6. En application de l’article L. 4614-6, alors applicable, du code du travail, l’utilisation des heures de délégation ne doit entraîner aucune perte de salaire pour le représentant du personnel et lorsque les heures de délégation sont prises en dehors du temps de travail, en raison des nécessités du mandat, elles doivent être payées en plus des heures de travail.

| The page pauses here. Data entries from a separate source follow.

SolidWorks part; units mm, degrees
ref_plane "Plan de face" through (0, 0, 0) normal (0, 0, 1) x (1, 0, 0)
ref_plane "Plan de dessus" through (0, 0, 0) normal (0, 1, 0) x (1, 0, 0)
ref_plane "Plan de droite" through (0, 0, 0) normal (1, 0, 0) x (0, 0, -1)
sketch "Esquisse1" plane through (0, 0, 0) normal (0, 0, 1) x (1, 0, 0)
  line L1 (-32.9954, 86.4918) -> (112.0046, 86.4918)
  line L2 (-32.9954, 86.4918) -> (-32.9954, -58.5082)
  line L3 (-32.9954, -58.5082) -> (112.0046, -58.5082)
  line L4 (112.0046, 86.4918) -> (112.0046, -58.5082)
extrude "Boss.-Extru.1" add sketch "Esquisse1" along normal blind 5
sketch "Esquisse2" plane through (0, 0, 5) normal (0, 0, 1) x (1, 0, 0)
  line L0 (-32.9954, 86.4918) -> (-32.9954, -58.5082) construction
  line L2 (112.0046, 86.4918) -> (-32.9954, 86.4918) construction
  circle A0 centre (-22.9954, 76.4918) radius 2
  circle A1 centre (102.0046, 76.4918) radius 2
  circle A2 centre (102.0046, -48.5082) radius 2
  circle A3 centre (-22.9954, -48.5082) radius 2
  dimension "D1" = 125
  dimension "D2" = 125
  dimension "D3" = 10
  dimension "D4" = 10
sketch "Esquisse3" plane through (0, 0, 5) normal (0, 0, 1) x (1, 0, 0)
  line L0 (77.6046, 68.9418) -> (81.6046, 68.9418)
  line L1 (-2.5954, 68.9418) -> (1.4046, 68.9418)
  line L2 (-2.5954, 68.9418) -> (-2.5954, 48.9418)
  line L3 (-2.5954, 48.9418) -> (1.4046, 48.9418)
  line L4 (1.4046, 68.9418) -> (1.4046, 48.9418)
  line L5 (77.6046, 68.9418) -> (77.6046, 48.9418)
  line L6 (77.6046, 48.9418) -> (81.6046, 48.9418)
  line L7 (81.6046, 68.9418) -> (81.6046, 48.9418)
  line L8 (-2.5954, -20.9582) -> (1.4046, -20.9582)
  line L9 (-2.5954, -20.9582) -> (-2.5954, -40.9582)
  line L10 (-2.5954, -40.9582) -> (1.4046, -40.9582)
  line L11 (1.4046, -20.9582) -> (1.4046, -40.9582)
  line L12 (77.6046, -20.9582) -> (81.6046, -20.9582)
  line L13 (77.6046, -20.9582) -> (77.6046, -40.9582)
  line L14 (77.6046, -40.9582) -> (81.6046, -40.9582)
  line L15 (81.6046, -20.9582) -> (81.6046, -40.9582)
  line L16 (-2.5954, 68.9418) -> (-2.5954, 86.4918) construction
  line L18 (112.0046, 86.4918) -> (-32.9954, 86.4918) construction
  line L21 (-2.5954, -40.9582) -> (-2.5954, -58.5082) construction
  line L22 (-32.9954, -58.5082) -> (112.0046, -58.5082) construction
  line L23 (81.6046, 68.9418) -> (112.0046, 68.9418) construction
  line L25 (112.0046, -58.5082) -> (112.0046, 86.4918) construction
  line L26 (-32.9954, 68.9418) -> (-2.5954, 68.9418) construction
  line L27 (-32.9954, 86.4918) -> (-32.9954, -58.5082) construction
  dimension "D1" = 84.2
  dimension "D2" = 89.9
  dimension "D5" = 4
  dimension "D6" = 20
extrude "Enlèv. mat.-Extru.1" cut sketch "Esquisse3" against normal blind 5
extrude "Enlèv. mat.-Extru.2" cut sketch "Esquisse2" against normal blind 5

Il en résulte qu’en cas de dispense d’activité, il convient de se référer aux horaires que le salarié aurait dû suivre s’il avait travaillé et que ce dernier peut prétendre au paiement des heures de délégation prises en dehors du temps de travail résultant de son planning théorique.

7. La cour d’appel, qui, ayant constaté que l’employeur, auquel il appartient de fixer l’horaire de travail, n’avait pas défini les heures de travail théoriques du salarié placé en situation de dispense d’activité avec maintien de sa rémunération, de sorte que ce dernier était fondé à réclamer le paiement de ses heures de délégation, a, sans avoir à procéder à une recherche que ses constatations rendaient inopérantes, légalement justifié sa décision.